Special Relativity and Mount Washington

2018-07-09 15:42:43.000 – Emily Tunkel, Summer Intern

 

Freshman year, second semester, I took a course called “Introduction to Relativity and Quantum Mechanics” in which we discussed an experiment performed by David Frisch and James Smith in 1963. Frisch and Smith were looking to measure the effect of time dilation on mu-meson particles. Time dilation, an effect of special relativity, basically describes what happens if you throw a clock fast enough: It will start to run slow. The factor of this time change is generally pretty small because it relates the object’s velocity to the speed of light (3*108 m/s). The only way to have a significant time difference is for the object to be moving incredibly fast — generally around 0.9 times the speed of light.

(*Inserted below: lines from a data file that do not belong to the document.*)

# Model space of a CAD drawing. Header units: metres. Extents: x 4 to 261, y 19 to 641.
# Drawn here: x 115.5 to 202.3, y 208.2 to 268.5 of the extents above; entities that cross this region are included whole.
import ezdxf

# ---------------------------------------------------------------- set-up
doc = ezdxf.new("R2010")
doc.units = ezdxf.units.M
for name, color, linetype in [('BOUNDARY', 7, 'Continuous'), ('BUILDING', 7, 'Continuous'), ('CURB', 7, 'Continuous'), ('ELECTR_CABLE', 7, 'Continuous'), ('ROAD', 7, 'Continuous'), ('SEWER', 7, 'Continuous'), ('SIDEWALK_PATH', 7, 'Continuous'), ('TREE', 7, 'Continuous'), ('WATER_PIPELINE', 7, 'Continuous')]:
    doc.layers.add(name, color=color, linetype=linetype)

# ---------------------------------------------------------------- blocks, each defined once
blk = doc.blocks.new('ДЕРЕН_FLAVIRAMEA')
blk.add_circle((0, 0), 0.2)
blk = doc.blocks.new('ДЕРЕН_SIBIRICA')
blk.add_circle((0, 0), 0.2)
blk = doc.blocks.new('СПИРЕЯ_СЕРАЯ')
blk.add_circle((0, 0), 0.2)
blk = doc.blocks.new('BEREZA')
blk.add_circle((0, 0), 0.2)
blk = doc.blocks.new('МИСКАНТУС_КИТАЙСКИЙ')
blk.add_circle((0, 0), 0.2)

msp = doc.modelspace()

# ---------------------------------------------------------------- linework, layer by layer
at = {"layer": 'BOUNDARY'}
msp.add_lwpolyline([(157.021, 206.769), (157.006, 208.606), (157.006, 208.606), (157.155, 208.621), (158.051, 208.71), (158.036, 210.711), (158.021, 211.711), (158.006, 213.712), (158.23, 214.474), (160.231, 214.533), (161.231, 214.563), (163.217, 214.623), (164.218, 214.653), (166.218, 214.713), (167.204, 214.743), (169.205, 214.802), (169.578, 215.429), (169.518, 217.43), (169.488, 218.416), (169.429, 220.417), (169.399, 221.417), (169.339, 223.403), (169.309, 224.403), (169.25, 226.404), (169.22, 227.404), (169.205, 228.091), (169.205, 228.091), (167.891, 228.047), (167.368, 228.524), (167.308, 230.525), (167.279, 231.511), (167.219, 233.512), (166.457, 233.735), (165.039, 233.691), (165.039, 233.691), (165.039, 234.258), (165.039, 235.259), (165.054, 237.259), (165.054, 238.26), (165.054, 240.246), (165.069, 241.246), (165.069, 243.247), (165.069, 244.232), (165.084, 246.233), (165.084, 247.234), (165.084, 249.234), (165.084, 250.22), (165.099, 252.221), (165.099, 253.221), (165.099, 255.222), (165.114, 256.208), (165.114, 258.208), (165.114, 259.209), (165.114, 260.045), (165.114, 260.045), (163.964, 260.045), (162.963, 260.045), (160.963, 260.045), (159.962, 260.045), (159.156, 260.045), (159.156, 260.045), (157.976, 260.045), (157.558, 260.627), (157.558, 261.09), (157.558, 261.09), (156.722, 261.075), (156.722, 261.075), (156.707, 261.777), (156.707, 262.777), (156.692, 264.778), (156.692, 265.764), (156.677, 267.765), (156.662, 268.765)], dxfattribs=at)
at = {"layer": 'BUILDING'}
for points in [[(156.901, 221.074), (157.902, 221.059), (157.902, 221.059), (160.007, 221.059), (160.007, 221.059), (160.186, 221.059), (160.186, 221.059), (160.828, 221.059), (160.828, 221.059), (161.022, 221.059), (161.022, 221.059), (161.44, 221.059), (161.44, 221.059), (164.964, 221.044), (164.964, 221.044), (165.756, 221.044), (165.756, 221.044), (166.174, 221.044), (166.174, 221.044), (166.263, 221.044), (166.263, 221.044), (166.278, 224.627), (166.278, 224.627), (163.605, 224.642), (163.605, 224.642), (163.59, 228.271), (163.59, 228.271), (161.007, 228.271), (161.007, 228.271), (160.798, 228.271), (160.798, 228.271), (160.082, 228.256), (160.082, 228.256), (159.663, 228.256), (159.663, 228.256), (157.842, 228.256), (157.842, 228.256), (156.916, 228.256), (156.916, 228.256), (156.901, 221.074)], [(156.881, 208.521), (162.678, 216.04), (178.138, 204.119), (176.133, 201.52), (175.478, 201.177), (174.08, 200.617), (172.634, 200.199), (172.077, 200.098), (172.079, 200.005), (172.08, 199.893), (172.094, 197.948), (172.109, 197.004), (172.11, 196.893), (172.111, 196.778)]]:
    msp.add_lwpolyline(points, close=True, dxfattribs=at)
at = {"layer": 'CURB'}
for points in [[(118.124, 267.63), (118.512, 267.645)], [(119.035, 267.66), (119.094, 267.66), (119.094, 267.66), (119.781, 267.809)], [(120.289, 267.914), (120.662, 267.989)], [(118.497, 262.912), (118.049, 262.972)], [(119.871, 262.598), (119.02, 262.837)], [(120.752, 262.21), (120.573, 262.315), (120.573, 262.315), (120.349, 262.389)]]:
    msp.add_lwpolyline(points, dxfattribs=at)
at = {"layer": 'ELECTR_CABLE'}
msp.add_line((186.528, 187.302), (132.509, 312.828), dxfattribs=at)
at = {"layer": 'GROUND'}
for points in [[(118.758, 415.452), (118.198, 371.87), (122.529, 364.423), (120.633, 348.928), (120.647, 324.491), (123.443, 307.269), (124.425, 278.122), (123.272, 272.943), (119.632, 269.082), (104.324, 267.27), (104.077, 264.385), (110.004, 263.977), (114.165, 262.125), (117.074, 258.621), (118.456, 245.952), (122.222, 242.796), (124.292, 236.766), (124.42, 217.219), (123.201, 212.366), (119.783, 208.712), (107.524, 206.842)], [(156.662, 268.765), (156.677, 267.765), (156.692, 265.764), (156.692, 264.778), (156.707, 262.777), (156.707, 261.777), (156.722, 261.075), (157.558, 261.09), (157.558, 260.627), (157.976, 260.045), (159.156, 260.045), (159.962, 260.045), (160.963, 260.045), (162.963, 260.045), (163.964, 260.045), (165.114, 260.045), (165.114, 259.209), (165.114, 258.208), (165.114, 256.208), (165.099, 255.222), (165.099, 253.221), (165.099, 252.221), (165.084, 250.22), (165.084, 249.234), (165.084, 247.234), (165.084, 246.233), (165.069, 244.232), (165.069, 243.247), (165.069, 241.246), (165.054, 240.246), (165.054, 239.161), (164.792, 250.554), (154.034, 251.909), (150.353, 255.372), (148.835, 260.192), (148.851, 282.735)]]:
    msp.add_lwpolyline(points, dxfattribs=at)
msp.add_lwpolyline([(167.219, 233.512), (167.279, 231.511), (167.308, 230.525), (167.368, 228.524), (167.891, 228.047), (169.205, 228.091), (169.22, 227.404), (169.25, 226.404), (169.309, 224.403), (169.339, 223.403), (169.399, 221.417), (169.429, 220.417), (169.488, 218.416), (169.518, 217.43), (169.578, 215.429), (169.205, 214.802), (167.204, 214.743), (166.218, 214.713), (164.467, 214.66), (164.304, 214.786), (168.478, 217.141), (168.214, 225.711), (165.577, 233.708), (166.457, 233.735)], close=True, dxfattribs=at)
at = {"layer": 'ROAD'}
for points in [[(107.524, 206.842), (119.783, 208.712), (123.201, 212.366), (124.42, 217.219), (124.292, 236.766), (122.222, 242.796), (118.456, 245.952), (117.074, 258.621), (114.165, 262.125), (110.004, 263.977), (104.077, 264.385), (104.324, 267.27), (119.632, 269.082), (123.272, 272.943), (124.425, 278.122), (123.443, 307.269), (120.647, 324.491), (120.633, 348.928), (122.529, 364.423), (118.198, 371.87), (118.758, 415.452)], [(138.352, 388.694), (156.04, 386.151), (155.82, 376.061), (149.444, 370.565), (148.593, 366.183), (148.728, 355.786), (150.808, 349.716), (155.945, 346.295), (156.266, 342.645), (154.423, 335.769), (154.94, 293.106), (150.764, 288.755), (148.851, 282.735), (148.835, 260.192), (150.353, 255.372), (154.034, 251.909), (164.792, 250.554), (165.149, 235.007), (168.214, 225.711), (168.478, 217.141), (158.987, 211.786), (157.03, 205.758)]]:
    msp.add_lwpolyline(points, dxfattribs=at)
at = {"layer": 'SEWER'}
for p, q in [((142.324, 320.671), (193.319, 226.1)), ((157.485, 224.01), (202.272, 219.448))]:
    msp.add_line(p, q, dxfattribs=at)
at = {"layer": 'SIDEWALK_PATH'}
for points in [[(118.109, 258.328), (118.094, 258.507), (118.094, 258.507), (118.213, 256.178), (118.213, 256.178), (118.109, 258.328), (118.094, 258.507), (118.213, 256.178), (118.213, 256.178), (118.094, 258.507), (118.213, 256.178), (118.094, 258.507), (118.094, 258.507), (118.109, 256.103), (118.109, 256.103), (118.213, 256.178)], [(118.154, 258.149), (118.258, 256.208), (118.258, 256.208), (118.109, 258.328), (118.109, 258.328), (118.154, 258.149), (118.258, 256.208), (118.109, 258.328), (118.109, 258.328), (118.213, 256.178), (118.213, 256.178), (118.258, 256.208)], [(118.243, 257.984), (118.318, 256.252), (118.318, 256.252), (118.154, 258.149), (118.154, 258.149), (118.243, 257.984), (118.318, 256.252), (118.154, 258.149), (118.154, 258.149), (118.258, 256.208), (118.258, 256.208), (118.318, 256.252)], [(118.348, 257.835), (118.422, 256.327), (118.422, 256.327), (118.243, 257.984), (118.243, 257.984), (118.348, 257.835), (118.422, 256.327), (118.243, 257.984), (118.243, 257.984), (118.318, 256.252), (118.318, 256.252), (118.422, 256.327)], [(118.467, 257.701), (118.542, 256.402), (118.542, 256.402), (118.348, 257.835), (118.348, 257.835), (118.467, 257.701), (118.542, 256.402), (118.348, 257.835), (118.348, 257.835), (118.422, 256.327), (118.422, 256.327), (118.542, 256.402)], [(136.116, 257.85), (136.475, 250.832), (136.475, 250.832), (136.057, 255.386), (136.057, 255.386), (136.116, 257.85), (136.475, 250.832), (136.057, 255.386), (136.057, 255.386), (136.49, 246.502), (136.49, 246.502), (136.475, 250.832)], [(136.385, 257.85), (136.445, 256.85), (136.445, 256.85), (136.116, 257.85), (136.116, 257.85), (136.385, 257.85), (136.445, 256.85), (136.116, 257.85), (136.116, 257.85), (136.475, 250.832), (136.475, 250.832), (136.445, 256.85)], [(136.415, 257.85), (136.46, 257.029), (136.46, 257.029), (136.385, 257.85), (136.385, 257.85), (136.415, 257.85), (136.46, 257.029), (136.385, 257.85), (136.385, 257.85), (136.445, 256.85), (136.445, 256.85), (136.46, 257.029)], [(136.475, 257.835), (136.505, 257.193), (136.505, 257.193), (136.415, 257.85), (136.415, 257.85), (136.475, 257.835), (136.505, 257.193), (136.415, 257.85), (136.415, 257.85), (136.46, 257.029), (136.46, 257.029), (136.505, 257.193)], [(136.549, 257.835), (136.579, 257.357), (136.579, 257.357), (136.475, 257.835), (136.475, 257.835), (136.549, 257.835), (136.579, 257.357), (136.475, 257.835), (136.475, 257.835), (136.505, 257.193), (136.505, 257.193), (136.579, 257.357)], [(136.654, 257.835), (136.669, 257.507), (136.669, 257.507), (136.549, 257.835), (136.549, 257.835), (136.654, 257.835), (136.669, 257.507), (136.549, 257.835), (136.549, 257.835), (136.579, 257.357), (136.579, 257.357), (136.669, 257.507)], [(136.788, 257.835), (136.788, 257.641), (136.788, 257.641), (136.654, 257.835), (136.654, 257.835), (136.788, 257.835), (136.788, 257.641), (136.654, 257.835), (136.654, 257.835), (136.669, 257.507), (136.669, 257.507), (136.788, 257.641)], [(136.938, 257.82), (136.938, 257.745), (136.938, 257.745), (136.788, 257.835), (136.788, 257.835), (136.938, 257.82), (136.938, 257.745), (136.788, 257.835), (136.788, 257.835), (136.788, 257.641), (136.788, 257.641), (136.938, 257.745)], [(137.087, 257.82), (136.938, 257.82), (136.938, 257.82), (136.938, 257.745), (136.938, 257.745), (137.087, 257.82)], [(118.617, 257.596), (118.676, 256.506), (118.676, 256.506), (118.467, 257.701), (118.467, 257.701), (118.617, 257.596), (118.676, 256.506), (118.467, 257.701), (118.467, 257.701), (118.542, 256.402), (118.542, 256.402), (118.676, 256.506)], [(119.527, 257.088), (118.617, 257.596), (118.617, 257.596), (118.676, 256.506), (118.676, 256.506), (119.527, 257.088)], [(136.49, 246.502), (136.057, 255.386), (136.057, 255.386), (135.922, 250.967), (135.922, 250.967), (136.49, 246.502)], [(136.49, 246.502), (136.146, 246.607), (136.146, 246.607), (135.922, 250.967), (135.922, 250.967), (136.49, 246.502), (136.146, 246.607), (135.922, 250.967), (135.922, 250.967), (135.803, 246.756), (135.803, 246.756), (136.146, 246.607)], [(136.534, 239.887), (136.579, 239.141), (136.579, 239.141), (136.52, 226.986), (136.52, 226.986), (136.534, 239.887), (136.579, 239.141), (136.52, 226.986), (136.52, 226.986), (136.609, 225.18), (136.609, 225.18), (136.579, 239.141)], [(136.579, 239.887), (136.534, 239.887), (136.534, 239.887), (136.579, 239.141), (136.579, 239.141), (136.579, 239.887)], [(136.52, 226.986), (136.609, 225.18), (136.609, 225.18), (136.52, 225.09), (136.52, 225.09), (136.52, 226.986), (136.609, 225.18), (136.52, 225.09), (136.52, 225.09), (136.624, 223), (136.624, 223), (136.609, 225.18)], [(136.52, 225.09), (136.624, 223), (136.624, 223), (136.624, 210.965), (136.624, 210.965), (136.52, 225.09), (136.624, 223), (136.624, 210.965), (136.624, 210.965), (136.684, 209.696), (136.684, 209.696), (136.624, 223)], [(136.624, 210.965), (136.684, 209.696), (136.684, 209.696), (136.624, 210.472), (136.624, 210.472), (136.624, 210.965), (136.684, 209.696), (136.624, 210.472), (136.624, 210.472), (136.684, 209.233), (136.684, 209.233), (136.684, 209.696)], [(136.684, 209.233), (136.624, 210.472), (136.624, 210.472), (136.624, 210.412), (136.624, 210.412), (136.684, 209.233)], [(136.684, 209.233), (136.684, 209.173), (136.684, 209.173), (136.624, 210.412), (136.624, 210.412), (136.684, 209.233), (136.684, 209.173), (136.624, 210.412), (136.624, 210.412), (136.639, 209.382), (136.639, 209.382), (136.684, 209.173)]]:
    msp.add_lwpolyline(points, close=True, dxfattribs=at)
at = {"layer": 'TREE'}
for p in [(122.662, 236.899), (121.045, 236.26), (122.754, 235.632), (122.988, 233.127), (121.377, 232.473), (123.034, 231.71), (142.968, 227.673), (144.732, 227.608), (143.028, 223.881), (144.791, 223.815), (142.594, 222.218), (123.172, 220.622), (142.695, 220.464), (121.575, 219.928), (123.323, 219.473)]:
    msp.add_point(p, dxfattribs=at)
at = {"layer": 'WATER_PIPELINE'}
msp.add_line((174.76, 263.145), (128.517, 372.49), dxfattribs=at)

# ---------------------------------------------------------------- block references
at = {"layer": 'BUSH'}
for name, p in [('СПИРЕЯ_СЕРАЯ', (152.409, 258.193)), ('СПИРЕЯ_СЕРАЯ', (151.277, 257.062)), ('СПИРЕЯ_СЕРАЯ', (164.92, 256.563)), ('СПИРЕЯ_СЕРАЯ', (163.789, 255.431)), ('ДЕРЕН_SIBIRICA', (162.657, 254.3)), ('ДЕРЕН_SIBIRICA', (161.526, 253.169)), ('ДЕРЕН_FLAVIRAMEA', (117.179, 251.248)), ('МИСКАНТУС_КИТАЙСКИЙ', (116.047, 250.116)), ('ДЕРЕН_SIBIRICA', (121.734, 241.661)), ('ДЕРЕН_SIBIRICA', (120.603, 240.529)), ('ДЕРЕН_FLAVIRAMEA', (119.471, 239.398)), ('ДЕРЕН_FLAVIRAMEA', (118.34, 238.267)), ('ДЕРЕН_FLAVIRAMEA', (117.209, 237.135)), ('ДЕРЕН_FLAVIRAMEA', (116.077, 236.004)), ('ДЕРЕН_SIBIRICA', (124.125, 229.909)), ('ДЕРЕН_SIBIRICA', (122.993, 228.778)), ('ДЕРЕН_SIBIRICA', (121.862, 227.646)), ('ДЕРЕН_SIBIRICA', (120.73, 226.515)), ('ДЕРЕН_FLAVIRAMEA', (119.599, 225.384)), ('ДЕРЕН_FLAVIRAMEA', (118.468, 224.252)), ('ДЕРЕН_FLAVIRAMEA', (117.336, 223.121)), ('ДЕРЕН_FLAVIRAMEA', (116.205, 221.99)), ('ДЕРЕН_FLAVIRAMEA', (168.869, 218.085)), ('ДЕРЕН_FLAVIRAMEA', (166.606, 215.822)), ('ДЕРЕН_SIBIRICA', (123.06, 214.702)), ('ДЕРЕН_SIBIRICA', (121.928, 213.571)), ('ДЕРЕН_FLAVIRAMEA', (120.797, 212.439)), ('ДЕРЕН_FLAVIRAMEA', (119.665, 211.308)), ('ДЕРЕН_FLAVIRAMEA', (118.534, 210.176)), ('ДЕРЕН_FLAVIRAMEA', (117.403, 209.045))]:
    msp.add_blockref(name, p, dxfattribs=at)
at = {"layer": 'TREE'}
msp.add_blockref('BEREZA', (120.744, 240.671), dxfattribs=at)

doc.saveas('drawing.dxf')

A mu­-meson, also called a muon, is a type of elementary particle that is created by protons from the sun getting broken apart by the atmosphere. These muons have a very short half-life – only two microseconds. If we imagine these muons coming down from the atmosphere, half of them would die in two microseconds, another half in another two microseconds, and so on.

Frisch and Smith wanted to see how fast the muons were travelling, so they set up two stations; one at sea level in Cambridge, Massachusetts, and one at 6,288 feet on top of Mount Washington.

From their experiment, which took about one hour, they found that the muons decayed at only about 0.7 microseconds – if we imagine that the muons were clocks, they would be running slow by a factor of nine. The muons were moving at a speed of 0.995 times the speed of light, which changed how long Frisch and Smith observed their half-life!

This is a very brief overview, and I recommend for more information you take a look at their original paper “Measurement of the Relativistic Time Dilation Using mu-Mesons” (1963) or the short movie Time Dilation: An Experiment with Mu Mesons published by MIT.

 

The Cosmo Shack, a small wooden cabin on the observation deck of MWO, measures the number of muons that are rained down from the atmosphere and compares it to ones measured at the University Of New Hampshire. This project has been on-going for nearly 60 (!!) years and can be used to monitor ejections of mass from the Sun’s corona as well as solar flares. While the Cosmo Shack is not the same one that Frisch and Smith used, the experiments are similar in their detection parameters.